Actually I don't believe either way. From what I've seen here, seems like there are some makes/models where burn-in changes the sound significantly enough so that the ear can reliably tell a difference, however in the majority of cases, no difference could be heard.

So my conclusion is that we lack enough data to come to a proper conclusion and it is still up in the air.


----------



## Sgt. Ear Ache

elmoe said:


> Actually I don't believe either way....




yes you do.


----------



## elmoe

Ok buddy.


----------



## bigshot (Mar 20, 2019)

For someone who doesn’t like semantic arguments, you’re using an awful lot of words to say very little. I told you about a test I did, and you said it wasn’t good enough. And doing controlled testing yourself is too much bother. Honestly, we see that kind of blathering around here a lot. I could provide gold plated evidence and you’d just say it isn’t good enough and demand more, and become progressively ruder and ruder. Been there, done that, nothankyouverymuch.

Usually we can dismiss people who aren’t interested in participating in a real conversation pretty quickly. We’re even better at dismissing than they are at generating blather. Efficiency comes with practice I guess.

Next!


----------



## elmoe

bigshot said:


> For someone who doesn’t like semantic arguments, you’re using an awful lot of words to say very little. I told you about a test I did, and you said it wasn’t good enough. And doing controlled testing yourself is too much bother. Honestly, we see that kind of blathering around here a lot. I could provide gold plated evidence and you’d just say it isn’t good enough and demand more, and become progressively ruder and ruder. Been there, done that, nothankyouverymuch.
> 
> Usually we can dismiss people who aren’t interested in participating in a real conversation pretty quickly. We’re even better at dismissing than they are at generating blather. Efficiency comes with practice I guess.
> 
> Next!



My previous post was 2 words long.

There's nothing progressive about your rudeness however, but if the self-sufficient dismissals flatter your ego, I will leave you to it.


----------



## castleofargh

do you guys want me to lock the thread? because that's how you get a thread closed.
let people have whatever opinion they want to have. being fact checker is not the same as being the thought police. forget unsubstantiated claims, or just ask for evidence and let the reply do the work. ideally, share evidence if you have some. the game isn't that hard. but attacking individuals and saying that his father smelt of elderberries, that's rapidly annoying and it has nothing to do with burn in.


----------



## bigshot

He’s playing tag.


----------



## elmoe

castleofargh said:


> do you guys want me to lock the thread? because that's how you get a thread closed.
> let people have whatever opinion they want to have. being fact checker is not the same as being the thought police. forget unsubstantiated claims, or just ask for evidence and let the reply do the work. ideally, share evidence if you have some. the game isn't that hard. but attacking individuals and saying that his father smelt of elderberries, that's rapidly annoying and it has nothing to do with burn in.



We're of the same opinion.


----------



## upstateguy

elmoe said:


> Actually I don't believe either way.

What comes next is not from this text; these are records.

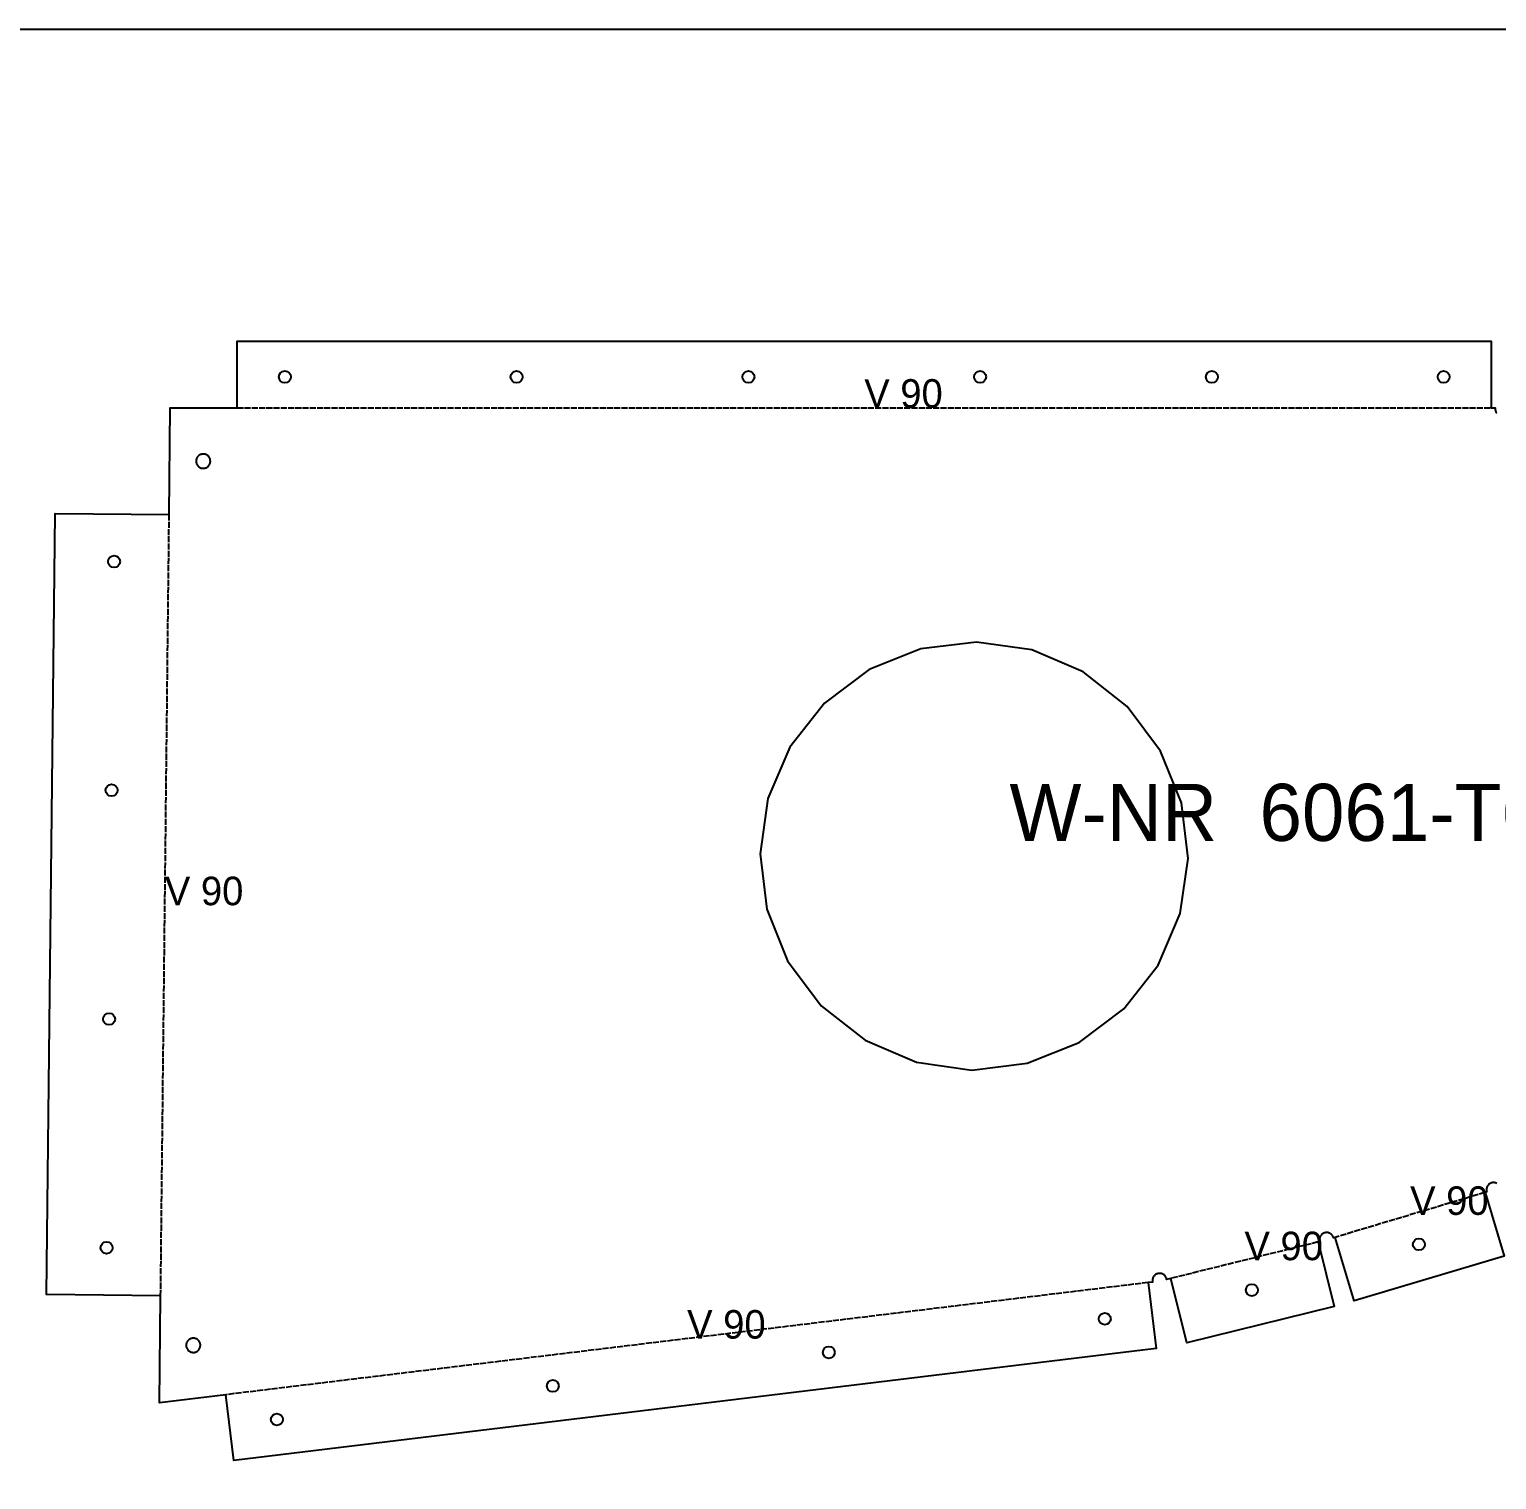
# Model space of a CAD drawing. Header units: millimetres. Extents: x 0 to 2438, y 0 to 1219.
# Drawn here: x 926.9 to 1235.4, y 914 to 1219 of the extents above; entities that cross this region are included whole.
import ezdxf

# ---------------------------------------------------------------- set-up
doc = ezdxf.new("R2010")
doc.units = ezdxf.units.MM
doc.linetypes.add('DASHED', pattern=[1.524, 1.27, -0.254])
for name, color, linetype in [('CUT', 7, 'CONTINUOUS'), ('ETCH', 8, 'CONTINUOUS'), ('HOLE', 6, 'CONTINUOUS'), ('VALLEY', 1, 'DASHED')]:
    doc.layers.add(name, color=color, linetype=linetype)

msp = doc.modelspace()

# ---------------------------------------------------------------- linework, layer by layer
at = {"layer": 'CUT'}
msp.add_lwpolyline([(1235.47, 976.31), (1235.34, 976.37), (1235.2, 976.42), (1235.05, 976.45), (1234.91, 976.47), (1234.76, 976.47), (1234.61, 976.47), (1234.47, 976.44), (1234.33, 976.4), (1234.19, 976.35), (1234.06, 976.29), (1233.93, 976.21), (1233.81, 976.12), (1233.71, 976.02), (1233.61, 975.91), (1233.52, 975.79), (1233.45, 975.66), (1233.39, 975.53), (1233.34, 975.39), (1233.31, 975.25), (1233.29, 975.1), (1233.28, 974.95), (1233.29, 974.81), (1233.32, 974.66), (1233.35, 974.52), (1233.36, 974.5), (1232.99, 974.39), (1236.99, 961), (1205.46, 951.58), (1201.46, 964.96), (1201.12, 964.86), (1201.1, 964.93), (1201.05, 965.07), (1200.98, 965.2), (1200.9, 965.32), (1200.82, 965.44), (1200.71, 965.55), (1200.6, 965.65), (1200.49, 965.73), (1200.36, 965.81), (1200.22, 965.87), (1200.08, 965.92), (1199.94, 965.95), (1199.8, 965.97), (1199.65, 965.97), (1199.5, 965.96), (1199.36, 965.94), (1199.21, 965.9), (1199.08, 965.85), (1198.94, 965.79), (1198.82, 965.71), (1198.7, 965.62), (1198.59, 965.52), (1198.5, 965.41), (1198.41, 965.29), (1198.34, 965.16), (1198.28, 965.03), (1198.23, 964.89), (1198.19, 964.75), (1198.17, 964.6), (1198.17, 964.45), (1198.18, 964.31), (1198.2, 964.16), (1198.23, 964.07), (1197.88, 963.98), (1201.23, 950.42), (1170.28, 942.76), (1166.93, 956.32), (1166.04, 956.1), (1166.02, 956.2), (1165.99, 956.34), (1165.94, 956.48), (1165.87, 956.61), (1165.79, 956.74), (1165.7, 956.85), (1165.6, 956.96), (1165.49, 957.06), (1165.37, 957.15), (1165.25, 957.22), (1165.11, 957.28), (1164.97, 957.33), (1164.83, 957.36), (1164.68, 957.38), (1164.54, 957.39), (1164.39, 957.38), (1164.24, 957.35), (1164.1, 957.32), (1163.96, 957.26), (1163.83, 957.2), (1163.71, 957.12), (1163.59, 957.03), (1163.48, 956.93), (1163.39, 956.82), (1163.3, 956.7), (1163.23, 956.58), (1163.16, 956.44), (1163.12, 956.3), (1163.08, 956.16), (1163.06, 956.01), (1163.06, 955.87), (1163.07, 955.72), (1163.09, 955.57), (1163.09, 955.56), (1162.19, 955.45), (1163.87, 941.58), (969.96, 918), (968.28, 931.87), (954.29, 930.17), (954.54, 952.64), (930.57, 952.91), (932.36, 1117.21), (956.33, 1116.95), (956.57, 1139.43), (970.66, 1139.43), (970.66, 1153.4), (1234.28, 1153.4), (1234.28, 1139.43), (1235.09, 1139.43), (1235.08, 1139.28), (1235.09, 1139.14), (1235.11, 1138.99), (1235.15, 1138.85), (1235.2, 1138.71), (1235.27, 1138.58), (1235.35, 1138.45), (1235.44, 1138.34)], dxfattribs=at)
for points in [[(964.09, 1126.81), (964.22, 1126.88), (964.34, 1126.96), (964.46, 1127.05), (964.57, 1127.15), (964.67, 1127.26), (964.75, 1127.38), (964.83, 1127.5), (964.89, 1127.64), (964.93, 1127.78), (964.97, 1127.92), (964.99, 1128.07), (964.99, 1128.21), (964.98, 1128.36), (964.96, 1128.51), (964.92, 1128.65), (964.87, 1128.79), (964.81, 1128.92), (964.73, 1129.04), (964.64, 1129.16), (964.54, 1129.27), (964.43, 1129.36), (964.31, 1129.45), (964.18, 1129.52), (964.05, 1129.59), (963.91, 1129.63), (963.76, 1129.67), (963.62, 1129.69), (963.47, 1129.69), (963.32, 1129.68), (963.18, 1129.66), (963.04, 1129.62), (962.9, 1129.57), (962.77, 1129.5), (962.64, 1129.43), (962.53, 1129.34), (962.42, 1129.24), (962.32, 1129.13), (962.23, 1129.01), (962.16, 1128.88), (962.1, 1128.75), (962.05, 1128.61), (962.02, 1128.46), (962, 1128.32), (961.99, 1128.17), (962, 1128.02), (962.03, 1127.88), (962.06, 1127.74), (962.11, 1127.6), (962.18, 1127.47), (962.26, 1127.34), (962.35, 1127.22), (962.45, 1127.12), (962.56, 1127.02), (962.68, 1126.93), (962.8, 1126.86), (962.94, 1126.8), (963.08, 1126.75), (963.22, 1126.72), (963.37, 1126.7), (963.51, 1126.69), (963.66, 1126.7), (963.81, 1126.73), (963.95, 1126.76), (964.09, 1126.81)], [(1113.44, 1001.81), (1125.07, 1000.15), (1136.73, 1001.56), (1147.63, 1005.94), (1157.03, 1012.99), (1164.28, 1022.23), (1168.89, 1033.03), (1170.55, 1044.66), (1169.15, 1056.32), (1164.77, 1067.23), (1157.72, 1076.62), (1148.48, 1083.87), (1137.67, 1088.49), (1126.05, 1090.15), (1114.38, 1088.74), (1103.48, 1084.36), (1094.08, 1077.32), (1086.83, 1068.07), (1082.22, 1057.27), (1080.56, 1045.64), (1081.96, 1033.98), (1086.34, 1023.08), (1093.39, 1013.68), (1102.63, 1006.43), (1113.44, 1001.81)], [(961.86, 940.83), (962, 940.88), (962.13, 940.94), (962.26, 941.02), (962.38, 941.11), (962.48, 941.21), (962.58, 941.32), (962.67, 941.44), (962.74, 941.57), (962.8, 941.7), (962.85, 941.84), (962.88, 941.98), (962.9, 942.13), (962.91, 942.28), (962.9, 942.42), (962.87, 942.57), (962.84, 942.71), (962.79, 942.85), (962.72, 942.98), (962.64, 943.11), (962.55, 943.22), (962.45, 943.33), (962.34, 943.43), (962.22, 943.52), (962.1, 943.59), (961.96, 943.65), (961.82, 943.7), (961.68, 943.73), (961.53, 943.75), (961.39, 943.76), (961.24, 943.75), (961.09, 943.72), (960.95, 943.69), (960.81, 943.63), (960.68, 943.57), (960.56, 943.49), (960.44, 943.4), (960.33, 943.3), (960.23, 943.19), (960.15, 943.07), (960.07, 942.95), (960.01, 942.81), (959.97, 942.67), (959.93, 942.53), (959.91, 942.38), (959.91, 942.24), (959.92, 942.09), (959.94, 941.94), (959.98, 941.8), (960.03, 941.66), (960.09, 941.53), (960.17, 941.41), (960.26, 941.29), (960.36, 941.18), (960.47, 941.08), (960.59, 941), (960.72, 940.92), (960.85, 940.86), (960.99, 940.82), (961.14, 940.78), (961.28, 940.76), (961.43, 940.76), (961.58, 940.77), (961.72, 940.79), (961.86, 940.83)]]:
    msp.add_lwpolyline(points, close=True, dxfattribs=at)
at = {"layer": 'ETCH'}
msp.add_lwpolyline([(0, 0), (2438, 0), (2438, 1219), (0, 1219)], close=True, dxfattribs=at)
at = {"layer": 'HOLE'}
for centre in [(980.66, 1145.9), (1029.38, 1145.9), (1078.11, 1145.9), (1126.83, 1145.9), (1175.55, 1145.9), (1224.28, 1145.9), (944.75, 1107.08), (944.22, 1058.98), (943.7, 1010.87), (943.18, 962.77), (1219.08, 963.48), (1183.96, 953.87), (1153.04, 947.82), (1095.02, 940.76), (1037, 933.71), (978.98, 926.65)]:
    msp.add_circle(centre, 1.25, dxfattribs=at)
at = {"layer": 'VALLEY'}
for p, q in [((970.66, 1139.43), (1234.28, 1139.43)), ((954.54, 952.64), (956.33, 1116.95)), ((1232.99, 974.39), (1201.46, 964.96)), ((1197.88, 963.98), (1166.93, 956.32)), ((1162.19, 955.45), (968.28, 931.87))]:
    msp.add_line(p, q, dxfattribs=at)

# ---------------------------------------------------------------- texts
at = {"layer": 'ETCH'}
for s, height, p in [('V 90', 6, (1102.47, 1139.43)), ('W-NR  6061-T6 0.020in', 12, (1132.99, 1048.33)), ('V 90', 6, (955.43, 1034.8)), ('V 90', 6, (1217.23, 969.68)), ('V 90', 6, (1182.4, 960.15)), ('V 90', 6, (1065.23, 943.66))]:
    msp.add_text(s, height=height, dxfattribs=at).set_placement(p)

doc.saveas('drawing.dxf')

From what I've seen here, seems like there are some makes/models where burn-in changes the sound significantly enough so that the ear can reliably tell a difference, however in the majority of cases, no difference could be heard.
> 
> So my conclusion is that we lack enough data to come to a proper conclusion and it is still up in the air.


 
I see you guys are still yacking about this so I'm going to throw in my 2 cents.  First a disclaimer: I've been around too long to believe that things burn in or believe any of the other garbage people 'think' they hear.  But.....

When the T-1 came out years ago, I bought one of the first models from Amazon. They were way more treblely sounding than my 880s.  A lot of guys posted about it and sold them because of that.  I remember posting complaints about the over treblely T-1s as well as the foobar EQ curve I used to tame it.  Fortunately, the left driver failed within the warranty period and Beyer replaced the headphone.  The new ones they sent me sounded like 650s with a rolled off high end and I posted that apparently Beyer had 'over' fixed the treble problem of the T-1 and included the foobar EQ curve I was using to boost the treble back to satisfying levels.  It's been a long time now so I don't remember how long it took, but with in a short time I posted that the new T-1s with their 650 sound had reverted to the Beyer house sound and that they sounded like super 880s.  

That was a long time ago but that is my recollection.  I don't recall any other headphone doing that and I've never noticed anything similar from an electronic device or wire.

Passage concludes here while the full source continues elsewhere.